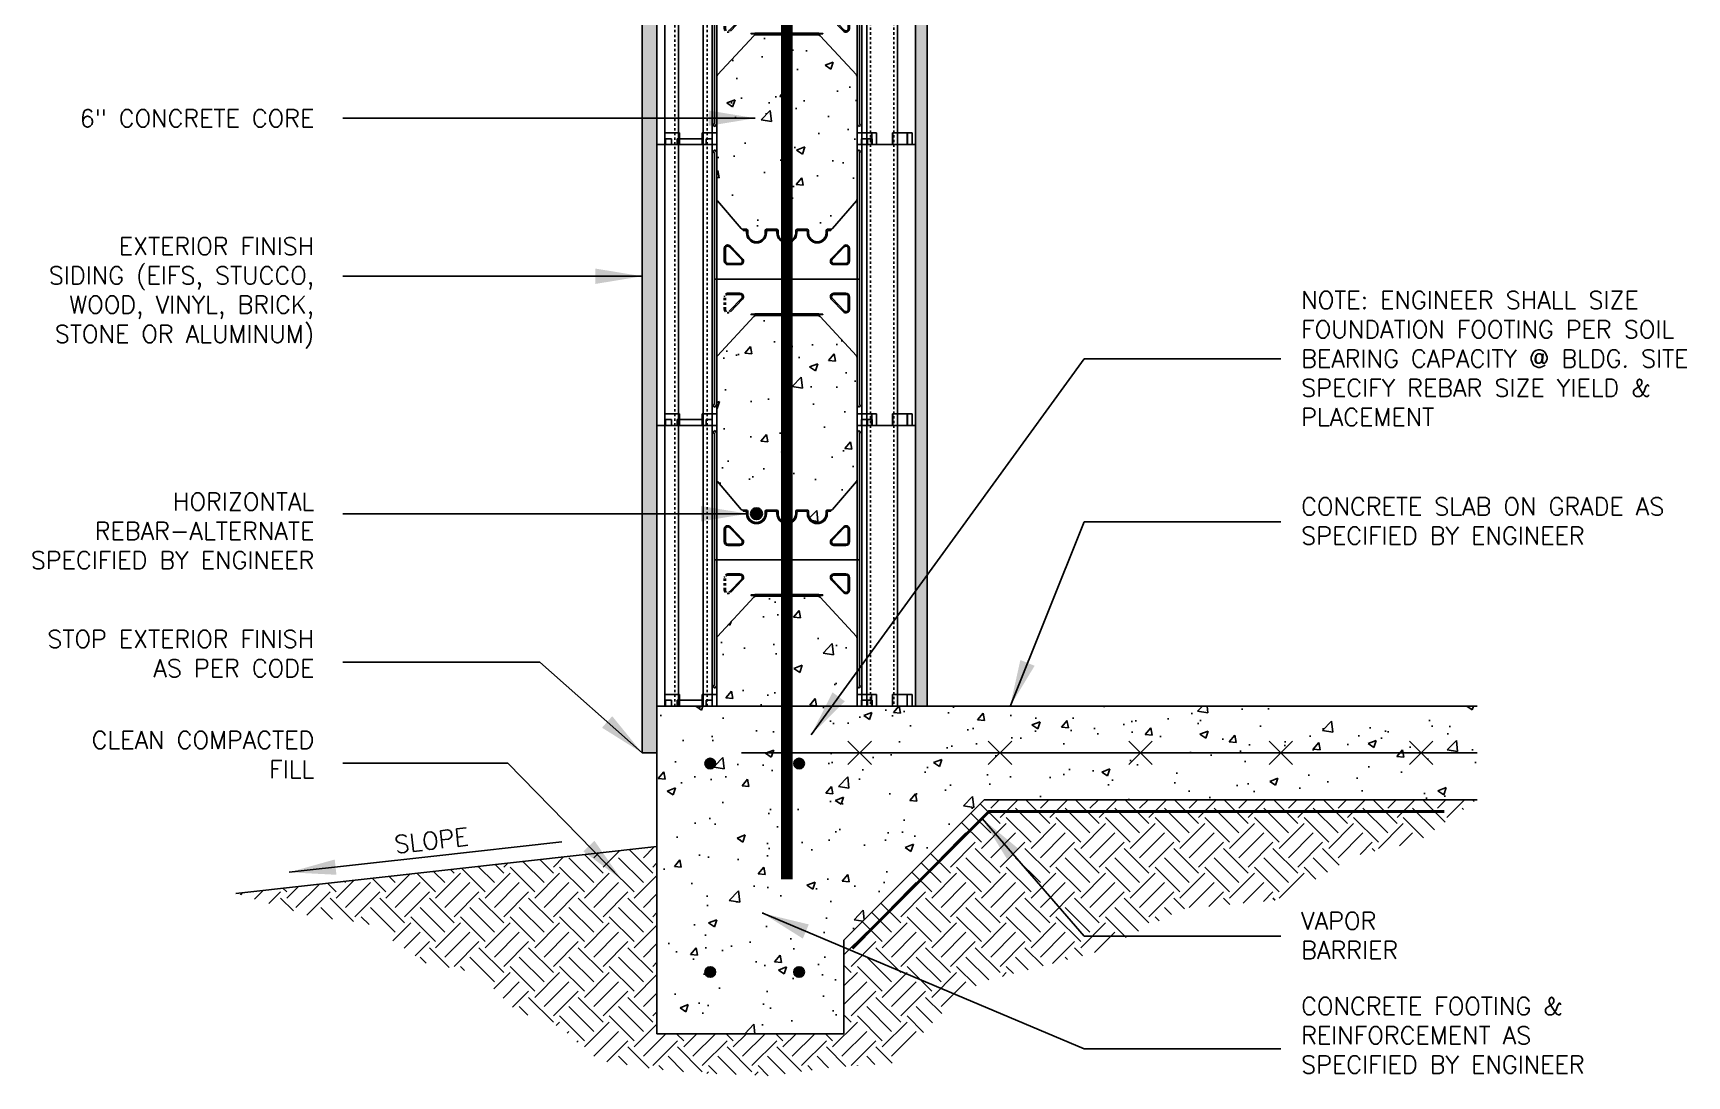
# Model space of a CAD drawing. Header units: inches. Extents: x 162 to 364, y -81 to 21.
# Drawn here: x 162.3 to 233, y -81 to -36.5 of the extents above; entities that cross this region are included whole.
import ezdxf

# ---------------------------------------------------------------- set-up
doc = ezdxf.new("R2010")
doc.units = ezdxf.units.IN
doc.header["$MEASUREMENT"] = 0
doc.linetypes.add('DASHED2', pattern=[0.375, 0.25, -0.125])
for name, color, linetype in [('LAYER 12', 12, 'Continuous'), ('LAYER 13', 13, 'Continuous'), ('LAYER 3', 3, 'Continuous'), ('LAYER 5', 5, 'Continuous'), ('LAYER 7', 7, 'Continuous'), ('LAYER 8', 8, 'Continuous')]:
    doc.layers.add(name, color=color, linetype=linetype)
doc.styles.add('NOTES', font='simplex.shx', dxfattribs={"height": 1})
doc.dimstyles.new('DIM-16', dxfattribs={"dimscale": 16, "dimtxt": 0.09375, "dimasz": 0.125, "dimexe": 0.1875, "dimexo": 0.0625, "dimgap": 0.0625, "dimtad": 0, "dimtih": 1, "dimtoh": 1, "dimdec": 4, "dimzin": 3, "dimdsep": 46, "dimlunit": 4, "dimtxsty": 'NOTES', "dimcen": 0.0625, "dimclrt": 4, "dimadec": 0, "dimazin": 0, "dimtfac": 1, "dimtdec": 4, "dimtofl": 0, "dimtmove": 0, "dimatfit": 3, "dimfxl": 1, "dimfrac": 2, "dimtolj": 1, "dimtzin": 0, "dimarcsym": 0})

# ---------------------------------------------------------------- blocks, each defined once
blk = doc.blocks.new('A$C262E59E6')
at = {"layer": 'LAYER 12'}
for p, q in [((0.35, 12.5), (0.975, 12.5)), ((0.35, 12.5), (0.35, 0)), ((0.35, 12.5), (0.975, 12.5)), ((0.35, 12.5), (0.35, 12)), ((0.925, 12.5), (0.925, 0)), ((0.975, 12.5), (0.975, 12)), ((0.975, 12.5), (0.975, 12)), ((1.937, 12.5), (1.937, 12)), ((1.937, 12.5), (2.562, 12.5)), ((1.937, 12.5), (1.937, 12)), ((1.937, 12.5), (2.562, 12.5)), ((1.987, 12.5), (1.987, 0)), ((2.112, 12.25), (2.112, 12)), ((2.112, 12.25), (2.362, 12.25)), ((2.362, 12.25), (2.362, 0)), ((2.562, 12.5), (2.562, 12)), ((8.562, 12.5), (9.187, 12.5)), ((8.562, 12.5), (8.562, 12)), ((8.562, 12.5), (9.187, 12.5)), ((8.762, 12.25), (8.762, 0)), ((8.762, 12.25), (9.012, 12.25)), ((8.762, 12.25), (8.762, 12)), ((8.762, 12.25), (9.012, 12.25)), ((9.012, 12.25), (9.012, 12)), ((9.012, 12.25), (9.012, 12)), ((9.187, 12.5), (9.187, 12)), ((9.187, 12.5), (9.187, 12)), ((10.087, 12.5), (10.087, 12)), ((10.087, 12.5), (10.712, 12.5)), ((10.087, 12.5), (10.087, 12)), ((10.087, 12.5), (10.712, 12.5)), ((10.712, 12.5), (10.712, 12)), ((10.712, 12.5), (10.712, 12)), ((2.41, 11.727), (2.497, 11.777)), ((2.456, 11.648), (2.41, 11.727)), ((2.462, 11.625), (2.462, 0.927)), ((2.462, 11.586), (2.462, 11.623)), ((2.497, 11.777), (2.556, 11.675)), ((2.562, 11.65), (2.562, 9.67)), ((8.562, 9.67), (8.562, 11.65)), ((8.569, 11.675), (8.628, 11.777)), ((8.628, 11.777), (8.715, 11.727)), ((8.662, 11.625), (8.662, 0.927)), ((8.662, 11.623), (8.662, 11.586)), ((8.715, 11.727), (8.669, 11.648)), ((8.977, 12), (8.977, 0)), ((10.297, 12), (10.297, 0)), ((2.562, 9.67), (2.562, 2.909)), ((2.59, 9.601), (3.608, 8.411)), ((7.517, 8.411), (8.535, 9.601)), ((8.562, 2.909), (8.562, 9.67)), ((3.68, 8.38), (3.687, 8.38)), ((3.837, 8.38), (3.68, 8.38)), ((3.687, 8.38), (3.687, 8.33)), ((3.687, 8.33), (3.787, 8.33)), ((3.837, 8.28), (3.837, 8.225)), ((3.887, 8.225), (3.887, 8.33)), ((4.637, 8.33), (4.637, 8.225)), ((5.137, 8.38), (4.687, 8.38)), ((4.687, 8.225), (4.687, 8.28)), ((4.737, 8.33), (5.087, 8.33)), ((5.137, 8.28), (5.137, 8.225)), ((5.187, 8.225), (5.187, 8.33)), ((5.937, 8.33), (5.937, 8.225)), ((6.437, 8.38), (5.987, 8.38)), ((5.987, 8.225), (5.987, 8.28)), ((6.037, 8.33), (6.387, 8.33)), ((6.437, 8.28), (6.437, 8.225)), ((6.487, 8.225), (6.487, 8.33)), ((7.237, 8.33), (7.237, 8.225)), ((7.445, 8.38), (7.287, 8.38)), ((7.287, 8.225), (7.287, 8.28)), ((7.337, 8.33), (7.437, 8.33)), ((7.437, 8.33), (7.437, 8.38)), ((7.437, 8.38), (7.445, 8.38)), ((2.887, 7.02), (2.887, 7.561)), ((2.937, 7.02), (2.937, 7.561)), ((3.11, 7.63), (3.629, 7.089)), ((3.146, 7.665), (3.665, 7.124)), ((7.979, 7.665), (7.46, 7.124)), ((8.015, 7.63), (7.496, 7.089)), ((8.187, 7.02), (8.187, 7.561)), ((8.237, 7.02), (8.237, 7.561)), ((3.557, 6.92), (3.037, 6.92)), ((3.557, 6.87), (3.037, 6.87)), ((7.568, 6.92), (8.087, 6.92)), ((7.568, 6.87), (8.087, 6.87)), ((2.462, 6.25), (8.662, 6.25)), ((3.037, 5.65), (3.557, 5.65)), ((3.037, 5.6), (3.557, 5.6)), ((3.629, 5.431), (3.11, 4.89)), ((3.665, 5.396), (3.146, 4.855)), ((7.46, 5.396), (7.979, 4.855)), ((7.496, 5.431), (8.015, 4.89)), ((8.087, 5.65), (7.568, 5.65)), ((8.087, 5.6), (7.568, 5.6)), ((8.187, 4.959), (8.187, 5.5)), ((8.237, 4.959), (8.237, 5.5)), ((2.592, 2.979), (4.144, 4.656)), ((4.192, 4.77), (4.036, 4.755)), ((4.036, 4.735), (4.192, 4.72)), ((5.562, 4.77), (4.192, 4.77)), ((4.192, 4.72), (5.562, 4.72)), ((4.25, 4.7), (5.562, 4.7)), ((6.933, 4.77), (5.562, 4.77)), ((5.562, 4.72), (6.933, 4.72)), ((5.562, 4.7), (6.875, 4.7)), ((7.089, 4.755), (6.933, 4.77)), ((6.933, 4.72), (7.089, 4.735)), ((6.981, 4.656), (8.533, 2.979)), ((2.562, 0.9), (2.562, 2.909)), ((8.562, 2.909), (8.562, 0.9)), ((2.456, 0.902), (2.41, 0.823)), ((2.41, 0.823), (2.497, 0.773)), ((2.462, 0.964), (2.462, 0.927)), ((2.497, 0.773), (2.556, 0.875)), ((8.569, 0.875), (8.628, 0.773)), ((8.628, 0.773), (8.715, 0.823)), ((8.662, 0.927), (8.662, 0.964)), ((8.715, 0.823), (8.669, 0.902)), ((0.35, 0.5), (0.975, 0.5)), ((0.35, 0.5), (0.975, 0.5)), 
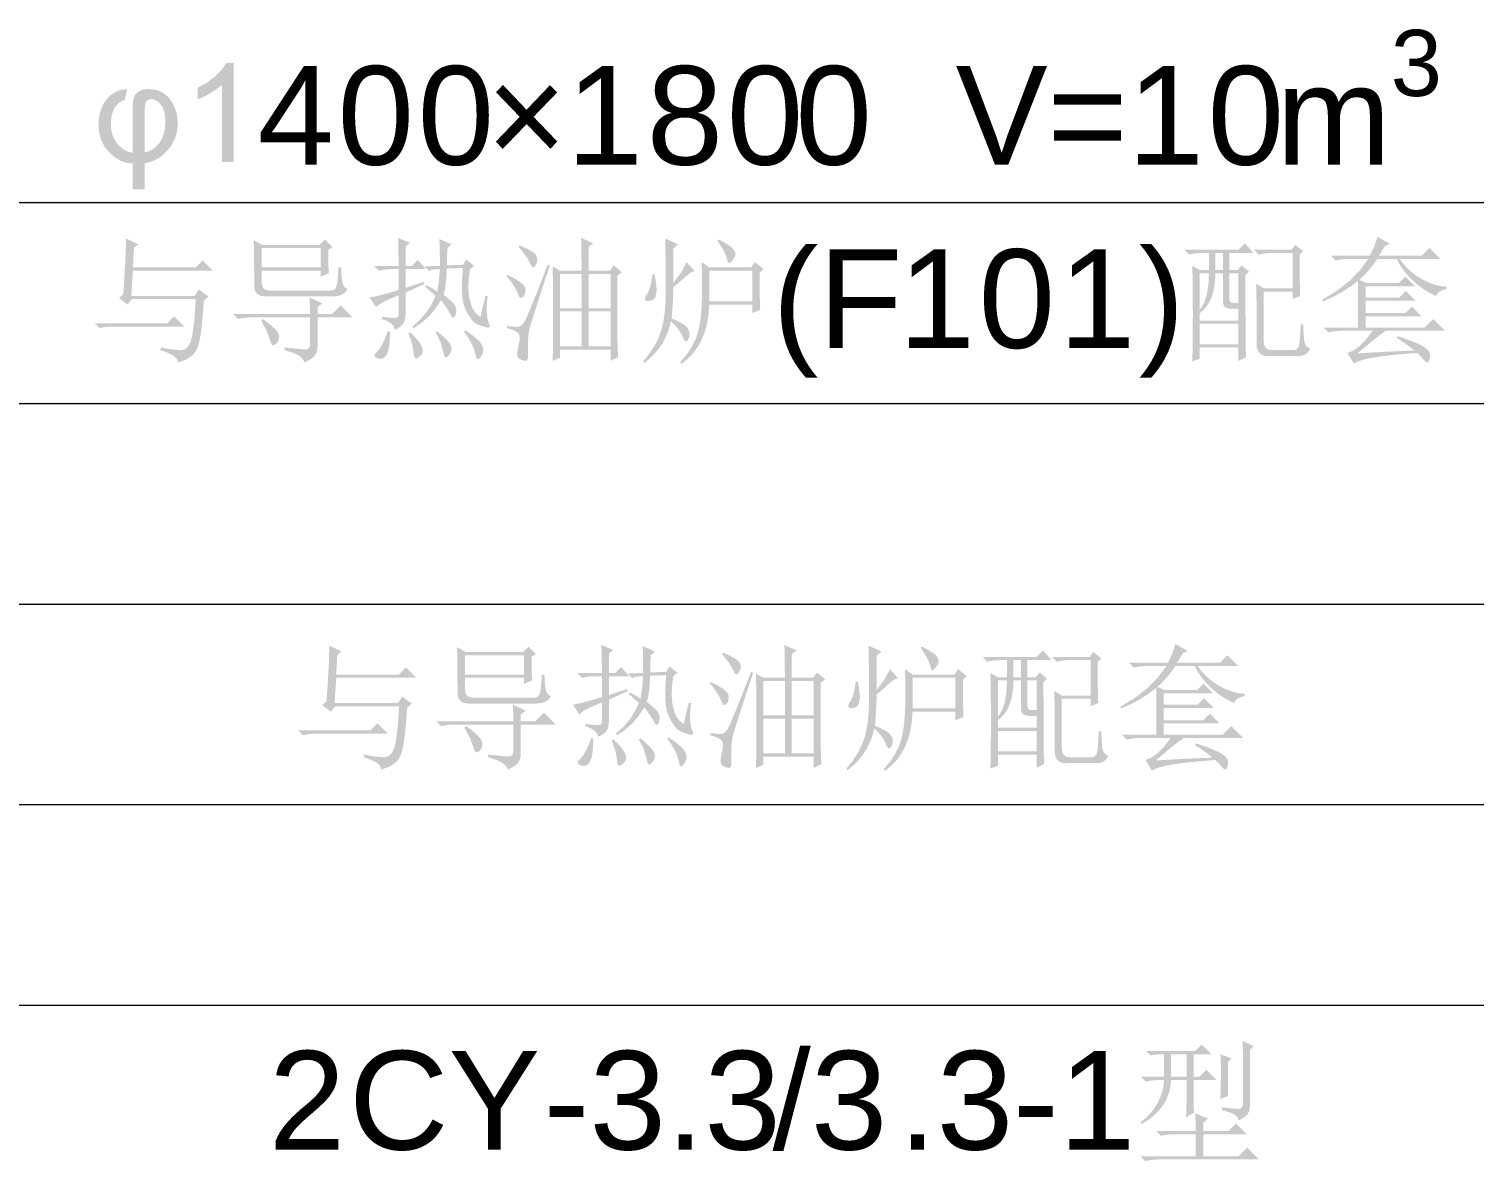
# Model space of a CAD drawing. Header units: millimetres. Extents: x 0 to 383, y 25 to 284.
# Drawn here: x 71.46 to 116, y 88.45 to 123.33 of the extents above; entities that cross this region are included whole.
import ezdxf

# ---------------------------------------------------------------- set-up
doc = ezdxf.new("R2010")
doc.units = ezdxf.units.MM

msp = doc.modelspace()

# ---------------------------------------------------------------- hatches: boundary and pattern name
h = msp.add_hatch(color=0)
h.dxf.hatch_style = 2
h.paths.add_polyline_path([(77.775065, 119.23492), (77.40575, 119.23492), (77.40575, 121.605146), (77.245209, 121.47561), (77.04746, 121.346075), (76.842133, 121.233765), (76.66161, 121.158661), (76.66161, 121.516951), (76.950309, 121.678871), (77.201801, 121.869729), (77.402994, 122.075746), (77.538042, 122.277628), (77.775065, 122.277628)])
h = msp.add_hatch(color=0)
h.paths.add_polyline_path([(74.486161, 121.472854), (74.414503, 121.153149), (74.226401, 121.050744), (74.092043, 120.892011), (74.011427, 120.676434), (73.984556, 120.403497), (73.994977, 120.246486), (74.026586, 120.098261), (74.079899, 119.959338), (74.155432, 119.830233), (74.249311, 119.716717), (74.364894, 119.624905), (74.501148, 119.555831), (74.657038, 119.510528), (74.657038, 120.87203), (74.665306, 121.064955), (74.690111, 121.208271), (74.741099, 121.315069), (74.833427, 121.401196), (74.961585, 121.458385), (75.131083, 121.478366), (75.272677, 121.47027), (75.399801, 121.446671), (75.512455, 121.408603), (75.610641, 121.357099), (75.780139, 121.204826), (75.924833, 120.982273), (76.019229, 120.712177), (76.051613, 120.425545), (76.026808, 120.177498), (75.952394, 119.929451), (75.820102, 119.690362), (75.621665, 119.471943), (75.497641, 119.373671), (75.357082, 119.293487), (75.199985, 119.230872), (75.026352, 119.185311), (75.026352, 118.391561), (74.657038, 118.391561), (74.657038, 119.185311), (74.469108, 119.206067), (74.286346, 119.268682), (74.109785, 119.373671), (73.940458, 119.521552), (73.792578, 119.70018), (73.687588, 119.904647), (73.624974, 120.133918), (73.604217, 120.38696), (73.620753, 120.619504), (73.670363, 120.82931), (73.753045, 121.016379), (73.8688, 121.18071), (74.007121, 121.310849), (74.15681, 121.403263), (74.316835, 121.457437)])
h.paths.add_polyline_path([(75.026352, 119.527064), (75.153563, 119.560223), (75.270954, 119.618704), (75.379044, 119.703022), (75.478349, 119.813696), (75.558792, 119.947108), (75.617531, 120.099639), (75.653532, 120.271808), (75.665762, 120.46413), (75.656633, 120.63449), (75.629933, 120.781079), (75.586697, 120.902863), (75.527958, 120.998809), (75.456731, 121.072017), (75.383953, 121.125589), (75.310142, 121.158489), (75.235814, 121.169686), (75.139352, 121.149704), (75.075962, 121.092516), (75.054258, 121.044026), (75.038755, 120.973315), (75.029453, 120.880901), (75.026352, 120.767299)])
h = msp.add_hatch(color=0)
h.dxf.hatch_style = 2
h.paths.add_polyline_path([(0.338667, 117.96492), (382.982611, 117.96492), (382.982611, 118.007253), (0.338667, 118.007253)])
h = msp.add_hatch(color=0)
h.paths.add_polyline_path([(73.491769, 114.262076), (75.724191, 114.262076), (75.939165, 114.47705), (76.253358, 114.162858), (74.020936, 114.162858), (73.826632, 114.150455), (73.640597, 114.113248)])
h.paths.add_polyline_path([(74.368201, 115.155045), (74.383715, 115.394824), (74.397226, 115.609798), (74.4088, 115.799967), (74.4185, 115.965332), (74.426391, 116.105891), (74.432539, 116.221647), (74.437006, 116.312597), (74.439859, 116.378743), (74.447439, 116.610253), (74.450884, 116.874837), (74.831222, 116.692936), (74.698931, 116.593717), (74.665858, 115.981868), (76.600623, 115.981868), (76.815597, 116.196842), (77.12979, 115.882649), (74.665858, 115.882649), (74.616248, 115.105436), (76.56755, 115.105436), (76.699842, 115.303873), (76.997498, 115.088899), (76.84867, 114.956608), (76.830067, 114.660071), (76.807329, 114.382655), (76.780457, 114.124875), (76.749451, 113.88725), (76.70923, 113.679338), (76.655056, 113.509668), (76.587446, 113.377204), (76.506917, 113.280913), (76.30779, 113.145176), (76.05492, 113.054915), (76.027015, 113.159301), (75.926763, 113.257487), (75.754163, 113.349471), (75.509217, 113.435253), (75.525753, 113.517936), (75.864751, 113.455924), (76.154139, 113.435253), (76.275062, 113.465312), (76.373247, 113.555832), (76.448695, 113.70733), (76.501405, 113.920323), (76.56755, 114.436398), (76.600623, 115.006217), (74.632785, 115.006217), (74.500493, 114.840852), (74.23591, 115.03929)])
h = msp.add_hatch(color=0)
h.paths.add_polyline_path([(78.750363, 115.088899), (78.598434, 115.108536), (78.489914, 115.167447), (78.424801, 115.265633), (78.403097, 115.403092), (78.402839, 115.671293), (78.402064, 115.913655), (78.400772, 116.130179), (78.398963, 116.320865), (78.396638, 116.485713), (78.393795, 116.624723), (78.390436, 116.737894), (78.386561, 116.825227), (78.651144, 116.676399), (80.420545, 116.676399), (80.58591, 116.841764), (80.81742, 116.610253), (80.685128, 116.527571), (80.686162, 116.302262), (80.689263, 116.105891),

# [Exercise details]
Within the listing above, find every line containing the string "that" and return it.

# [Your solution]
# Drawn here: x 162.3 to 233, y -81 to -36.5 of the extents above; entities that cross this region are included whole.
# Drawn here: x 71.46 to 116, y 88.45 to 123.33 of the extents above; entities that cross this region are included whole.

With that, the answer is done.